Most cyanotoxin research has been conducted on planktonic cyanobacteria because of the potential for bloom forming; however, recent studies show that benthic cyanobacteria can also produce toxins (Aboal et al., 2005; Mohamed et al., 2006; Izaguirre et al., 2007; Richardson et al., 2007). Of the five cyanobacterial genera isolated from the Cajati WSP, certain strains of Nostoc (Sivonen et al., 1990), Leptolyngbya (Richardson et al., 2007), and Phormidium (Aboal et al., 2005) have been reported as microcystin producers. Furthermore, two Leptolyngbya strains (NPLJ-34 and NPLJ-35), a Synechococcus elongatus strain (NPLB-1) and a Nostoc muscorum strain (NPBR-3) isolated from Brazilian water bodies, have been reported as hepatotoxic, although the specific toxin was not identified (Azevedo & Magalhães, 2002). The strain CENA106 isolated in this study is the first identified Merismopedia capable of producing microcystin.

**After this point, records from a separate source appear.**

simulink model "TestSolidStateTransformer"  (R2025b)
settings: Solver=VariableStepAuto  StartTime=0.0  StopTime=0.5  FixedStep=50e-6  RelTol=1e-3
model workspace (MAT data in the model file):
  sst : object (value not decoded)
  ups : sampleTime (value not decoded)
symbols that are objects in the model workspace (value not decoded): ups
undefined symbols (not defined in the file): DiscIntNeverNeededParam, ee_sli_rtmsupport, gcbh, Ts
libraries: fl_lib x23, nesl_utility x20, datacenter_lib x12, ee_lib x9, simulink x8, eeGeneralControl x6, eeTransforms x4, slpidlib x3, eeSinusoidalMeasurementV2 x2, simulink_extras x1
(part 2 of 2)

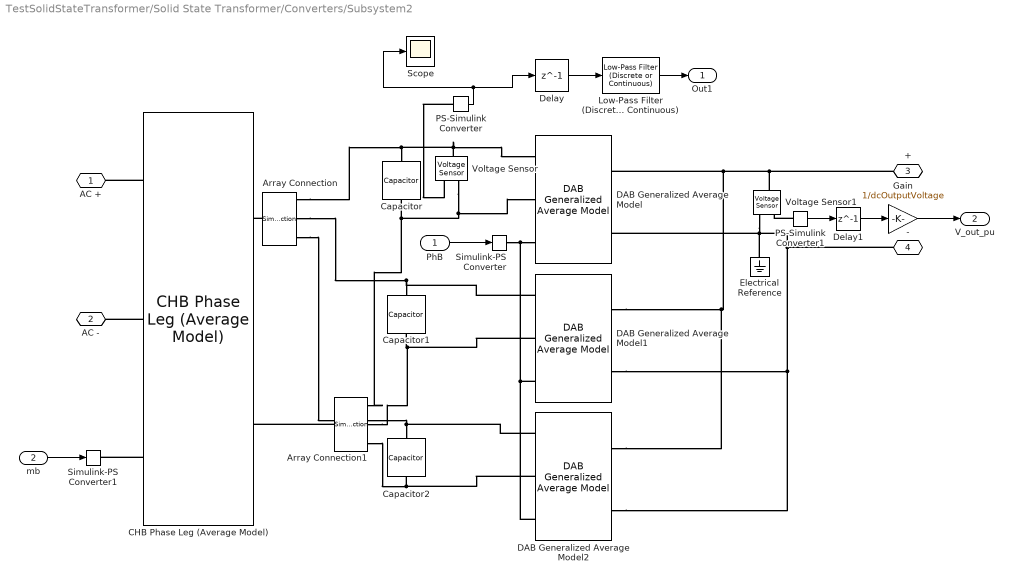
== system TestSolidStateTransformer/Solid State Transformer/Converters/Subsystem2 ==
  PhB : Inport
  mb : Inport  Port=2
  Array Connection : SimscapeArrayConnection  NumScalarElements=3
  Array Connection1 : SimscapeArrayConnection  NumScalarElements=3
  CHB Phase Leg (Average Model) : datacenter_lib/CHB Phase Leg (Average Model)  NumModules=3  OnResistance=1e-3 Ohm  InitialDCVoltage=4400 V  GridVoltage=13800 V  TotalDCVoltage=13200 V
      settings: InternalSimscapePortConfiguration="{\"Bottom\":[],\"Left\":[{\"id\":\"ACPositive\",\"label\":\"AC+\",\"type\":\"foundation.electrical.electrical\"},{\"id\":\"ACNegative\",\"label\":\"AC-\",\"type\":\"foundation.electrical.electrical\"},{\"id\":\"m\",\"label\":\"m\",\"type\":\"input\"}],\"Right\":[{\"id\":\"DCPositive\",\"label\":\"DC+\",\"type\":\"foundation.electrical.electrical\"},{\"id\":\"DCNegative\",\"label\":\"DC-\",\"type\":\"foundation.electrical.electrical\"}],\"Top\":[]}"
  Capacitor : fl_lib/Electrical/Electrical Elements/Capacitor  c=0.005 F  r=1e-6 Ohm  g=0 1/Ohm  i_specify=off  i_priority=None  i=0 A  i_nominal_specify=off  i_nominal_value=1  i_nominal_unit=A  v_specify=off  v_priority=None  v=0 V  v_nominal_specify=off  v_nominal_value=1  v_nominal_unit=V  vc_specify=on  vc_priority=None  vc=4400 V  vc_nominal_specify=off  vc_nominal_value=1  vc_nominal_unit=V
  Capacitor1 : fl_lib/Electrical/Electrical Elements/Capacitor  c=0.005 F  r=1e-6 Ohm  g=0 1/Ohm  i_specify=off  i_priority=None  i=0 A  i_nominal_specify=off  i_nominal_value=1  i_nominal_unit=A  v_specify=off  v_priority=None  v=0 V  v_nominal_specify=off  v_nominal_value=1  v_nominal_unit=V  vc_specify=on  vc_priority=None  vc=4400 V  vc_nominal_specify=off  vc_nominal_value=1  vc_nominal_unit=V
  Capacitor2 : fl_lib/Electrical/Electrical Elements/Capacitor  c=0.005 F  r=1e-6 Ohm  g=0 1/Ohm  i_specify=off  i_priority=None  i=0 A  i_nominal_specify=off  i_nominal_value=1  i_nominal_unit=A  v_specify=off  v_priority=None  v=0 V  v_nominal_specify=off  v_nominal_value=1  v_nominal_unit=V  vc_specify=on  vc_priority=None  vc=4400 V  vc_nominal_specify=off  vc_nominal_value=1  vc_nominal_unit=V
  DAB Generalized Average Model : datacenter_lib/DAB Generalized Average Model  N=5.5  L1=3.4e-05 H  L2=1.12e-06 H  Rt=0.005 Ohm  Co=0.001 F  fs=20000 Hz  vo0_init=800 V  it1R_init=0 A  it1I_init=0 A  include_esr=false  Rc=0.25 Ohm  i_in_specify=on  i_in_priority=None  i_in=0 A  i_in_nominal_specify=off  i_in_nominal_value=1  i_in_nominal_unit=A  i_out_specify=on  i_out_priority=None  i_out=0 A  i_out_nominal_specify=off  i_out_nominal_value=1  i_out_nominal_unit=A  v_in_specify=on  v_in_priority=None  v_in=0 V  v_in_nominal_specify=off  v_in_nominal_value=1  v_in_nominal_unit=V  v_out_specify=on  v_out_priority=None  v_out=0 V  v_out_nominal_specify=off  v_out_nominal_value=1  v_out_nominal_unit=V
      settings: InternalSimscapePortConfiguration="{\"Bottom\":[],\"Left\":[{\"id\":\"p_in\",\"label\":\"V+\",\"type\":\"foundation.electrical.electrical\"},{\"id\":\"n_in\",\"label\":\"V-\",\"type\":\"foundation.electrical.electrical\"},{\"id\":\"d\",\"label\":\"d\",\"type\":\"input\"}],\"Right\":[{\"id\":\"p_out\",\"label\":\"Vo+\",\"type\":\"foundation.electrical.electrical\"},{\"id\":\"n_out\",\"label\":\"Vo-\",\"type\":\"foundation.electrical.electrical\"}],\"Top\":[]}"
  DAB Generalized Average Model1 : datacenter_lib/DAB Generalized Average Model  N=5.5  L1=3.4e-05 H  L2=1.12e-06 H  Rt=0.005 Ohm  Co=0.001 F  fs=20000 Hz  vo0_init=800 V  it1R_init=0 A  it1I_init=0 A  include_esr=false  Rc=0.25 Ohm  i_in_specify=on  i_in_priority=None  i_in=0 A  i_in_nominal_specify=off  i_in_nominal_value=1  i_in_nominal_unit=A  i_out_specify=on  i_out_priority=None  i_out=0 A  i_out_nominal_specify=off  i_out_nominal_value=1  i_out_nominal_unit=A  v_in_specify=on  v_in_priority=None  v_in=0 V  v_in_nominal_specify=off  v_in_nominal_value=1  v_in_nominal_unit=V  v_out_specify=on  v_out_priority=None  v_out=0 V  v_out_nominal_specify=off  v_out_nominal_value=1  v_out_nominal_unit=V
      settings: InternalSimscapePortConfiguration="{\"Bottom\":[],\"Left\":[{\"id\":\"p_in\",\"label\":\"V+\",\"type\":\"foundation.electrical.electrical\"},{\"id\":\"n_in\",\"label\":\"V-\",\"type\":\"foundation.electrical.electrical\"},{\"id\":\"d\",\"label\":\"d\",\"type\":\"input\"}],\"Right\":[{\"id\":\"p_out\",\"label\":\"Vo+\",\"type\":\"foundation.electrical.electrical\"},{\"id\":\"n_out\",\"label\":\"Vo-\",\"type\":\"foundation.electrical.electrical\"}],\"Top\":[]}"
  DAB Generalized Average Model2 : datacenter_lib/DAB Generalized Average Model  N=5.5  L1=3.4e-05 H  L2=1.12e-06 H  Rt=0.005 Ohm  Co=0.001 F  fs=20000 Hz  vo0_init=800 V  it1R_init=0 A  it1I_init=0 A  include_esr=false  Rc=0.25 Ohm  i_in_specify=on  i_in_priority=None  i_in=0 A  i_in_nominal_specify=off  i_in_nominal_value=1  i_in_nominal_unit=A  i_out_specify=on  i_out_priority=None  i_out=0 A  i_out_nominal_specify=off  i_out_nominal_value=1  i_out_nominal_unit=A  v_in_specify=on  v_in_priority=None  v_in=0 V  v_in_nominal_specify=off  v_in_nominal_value=1  v_in_nominal_unit=V  v_out_specify=on  v_out_priority=None  v_out=0 V  v_out_nominal_specify=off  v_out_nominal_value=1  v_out_nominal_unit=V
      settings: InternalSimscapePortConfiguration="{\"Bottom\":[],\"Left\":[{\"id\":\"p_in\",\"label\":\"V+\",\"type\":\"foundation.electrical.electrical\"},{\"id\":\"n_in\",\"label\":\"V-\",\"type\":\"foundation.electrical.electrical\"},{\"id\":\"d\",\"label\":\"d\",\"type\":\"input\"}],\"Right\":[{\"id\":\"p_out\",\"label\":\"Vo+\",\"type\":\"foundation.electrical.electrical\"},{\"id\":\"n_out\",\"label\":\"Vo-\",\"type\":\"foundation.electrical.electrical\"}],\"Top\":[]}"
  Delay : Delay  DelayLength=1
  Delay1 : Delay  DelayLength=1  InitialCondition=1
  Electrical Reference : fl_lib/Electrical/Electrical Elements/Electrical Reference
  Gain : Gain  Gain=1/dcOutputVoltage
  Low-Pass Filter (Discrete or Continuous) : eeGeneralControl/Low-Pass Filter (Discrete or Continuous)  K=1  T=0.005  B=inf  A=-inf  init_option=Inherited from block input  x0=0  Ts=-1
  PS-Simulink Converter : nesl_utility/PS-Simulink Converter  PhysicalDomain=network_engine_domain  SubClassName=ps_output  LeftPortType=input  RightPortType=output  PseudoPeriodic=off  Frequencies=[]  VectorFormat=inherit  Unit=inherit  AffineConversion=off
  PS-Simulink Converter1 : nesl_utility/PS-Simulink Converter  PhysicalDomain=network_engine_domain  SubClassName=ps_output  LeftPortType=input  RightPortType=output  PseudoPeriodic=off  Frequencies=[]  VectorFormat=inherit  Unit=inherit  AffineConversion=off
  Scope : Scope
      settings: ActiveDisplayYMinimum=-1  ActiveDisplayYMaximum=1
  Simulink-PS Converter : nesl_utility/Simulink-PS Converter  PhysicalDomain=network_engine_domain  SubClassName=ps_input  LeftPortType=input  RightPortType=output  PseudoPeriodic=off  Frequencies=[]  NoiseDistribution=none  NoiseParameters=[]  Unit=1  AffineConversion=off  FilteringAndDerivatives=provide  SimscapeFilterOrder=1  InputFilterTimeConstant=0.001  UdotUserProvided=0
  Simulink-PS Converter1 : nesl_utility/Simulink-PS Converter  PhysicalDomain=network_engine_domain  SubClassName=ps_input  LeftPortType=input  RightPortType=output  PseudoPeriodic=off  Frequencies=[]  NoiseDistribution=none  NoiseParameters=[]  Unit=1  AffineConversion=off  FilteringAndDerivatives=provide  SimscapeFilterOrder=1  InputFilterTimeConstant=0.001  UdotUserProvided=0
  Voltage Sensor : fl_lib/Electrical/Electrical Sensors/Voltage Sensor
  Voltage Sensor1 : fl_lib/Electrical/Electrical Sensors/Voltage Sensor
  AC + : PMIOPort  Side=Left
  AC - : PMIOPort  Port=2  Side=Left
  + : PMIOPort  Port=3  Side=Right
  - : PMIOPort  Port=4  Side=Right
  Out1 : Outport
  V_out_pu : Outport  Port=2
  wires:
  mb/1 -> Simulink-PS Converter1/1
  Gain/1 -> V_out_pu/1
  PhB/1 -> Simulink-PS Converter/1
  Delay1/1 -> Gain/1
  PS-Simulink Converter1/1 -> Delay1/1
  Low-Pass Filter (Discrete or Continuous)/1 -> Out1/1
  Delay/1 -> Low-Pass Filter (Discrete or Continuous)/1
  PS-Simulink Converter/1 -> Scope/1, Delay/1
  connections:
  CHB Phase Leg (Average Model)/LConn3 -- Simulink-PS Converter1/RConn1
  Array Connection1/RConn1 -- CHB Phase Leg (Average Model)/RConn2
  Array Connection/RConn1 -- CHB Phase Leg (Average Model)/RConn1
  DAB Generalized Average Model/LConn3 -- DAB Generalized Average Model1/LConn3 -- DAB Generalized Average Model2/LConn3 -- Simulink-PS Converter/RConn1
  PS-Simulink Converter1/LConn1 -- Voltage Sensor1/RConn1
  DAB Generalized Average Model1/RConn2 -- DAB Generalized Average Model2/RConn2 -- DAB Generalized Average Model/RConn2 -- Voltage Sensor1/RConn2 -- Electrical Reference/LConn1 -- -/RConn1
  DAB Generalized Average Model/RConn1 -- DAB Generalized Average Model1/RConn1 -- DAB Generalized Average Model2/RConn1 -- Voltage Sensor1/LConn1 -- +/RConn1
  Capacitor/RConn1 -- DAB Generalized Average Model/LConn2 -- Voltage Sensor/RConn2 -- Array Connection1/LConn1
  CHB Phase Leg (Average Model)/LConn2 -- AC -/RConn1
  Array Connection/LConn3 -- DAB Generalized Average Model2/LConn1 -- Capacitor2/LConn1
  Array Connection1/LConn3 -- Capacitor2/RConn1 -- DAB Generalized Average Model2/LConn2
  CHB Phase Leg (Average Model)/LConn1 -- AC +/RConn1
  Array Connection/LConn1 -- DAB Generalized Average Model/LConn1 -- Voltage Sensor/LConn1 -- Capacitor/LConn1
  Array Connection1/LConn2 -- DAB Generalized Average Model1/LConn2 -- Capacitor1/RConn1
  Array Connection/LConn2 -- Capacitor1/LConn1 -- DAB Generalized Average Model1/LConn1
  PS-Simulink Converter/LConn1 -- Voltage Sensor/RConn1

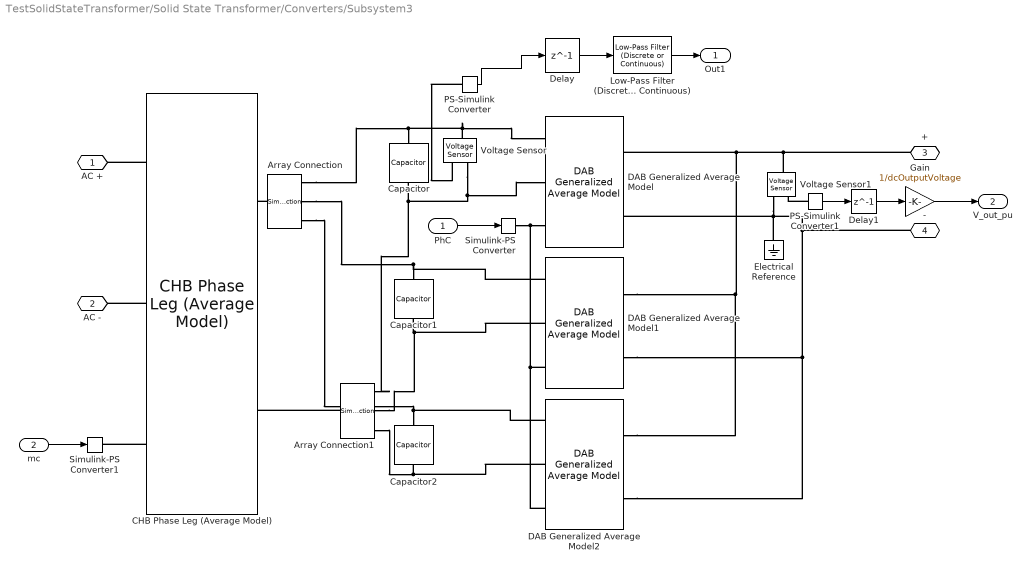
== system TestSolidStateTransformer/Solid State Transformer/Converters/Subsystem3 ==
  PhC : Inport
  mc : Inport  Port=2
  Array Connection : SimscapeArrayConnection  NumScalarElements=3
  Array Connection1 : SimscapeArrayConnection  NumScalarElements=3
  CHB Phase Leg (Average Model) : datacenter_lib/CHB Phase Leg (Average Model)  NumModules=3  OnResistance=1e-3 Ohm  InitialDCVoltage=4400 V  GridVoltage=13800 V  TotalDCVoltage=13200 V
      settings: InternalSimscapePortConfiguration="{\"Bottom\":[],\"Left\":[{\"id\":\"ACPositive\",\"label\":\"AC+\",\"type\":\"foundation.electrical.electrical\"},{\"id\":\"ACNegative\",\"label\":\"AC-\",\"type\":\"foundation.electrical.electrical\"},{\"id\":\"m\",\"label\":\"m\",\"type\":\"input\"}],\"Right\":[{\"id\":\"DCPositive\",\"label\":\"DC+\",\"type\":\"foundation.electrical.electrical\"},{\"id\":\"DCNegative\",\"label\":\"DC-\",\"type\":\"foundation.electrical.electrical\"}],\"Top\":[]}"
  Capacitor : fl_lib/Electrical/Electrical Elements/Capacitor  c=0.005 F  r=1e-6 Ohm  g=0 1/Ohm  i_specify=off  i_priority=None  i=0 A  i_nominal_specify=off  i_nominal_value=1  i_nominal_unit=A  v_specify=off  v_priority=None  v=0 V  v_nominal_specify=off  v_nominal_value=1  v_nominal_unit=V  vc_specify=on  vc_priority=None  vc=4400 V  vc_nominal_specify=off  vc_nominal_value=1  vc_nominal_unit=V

This study has provided genetic information on cyanobacteria isolated from a WSP environment for the first time, since only morphological descriptions existed previously. In addition, the novel 16S rDNA sequences established have improved our taxonomic analysis of cyanobacteria by including strains from WSPs. While microcystin-producing cyanobacteria have been identified, treated effluents containing cyanotoxins can be discharged into rivers, irrigation channels, estuaries, or reservoirs representing a human health hazard. This finding emphasizes the need to introduce monitoring activities with regard to toxic cyanobacterial species, including analysis of the cyanobacterial toxins.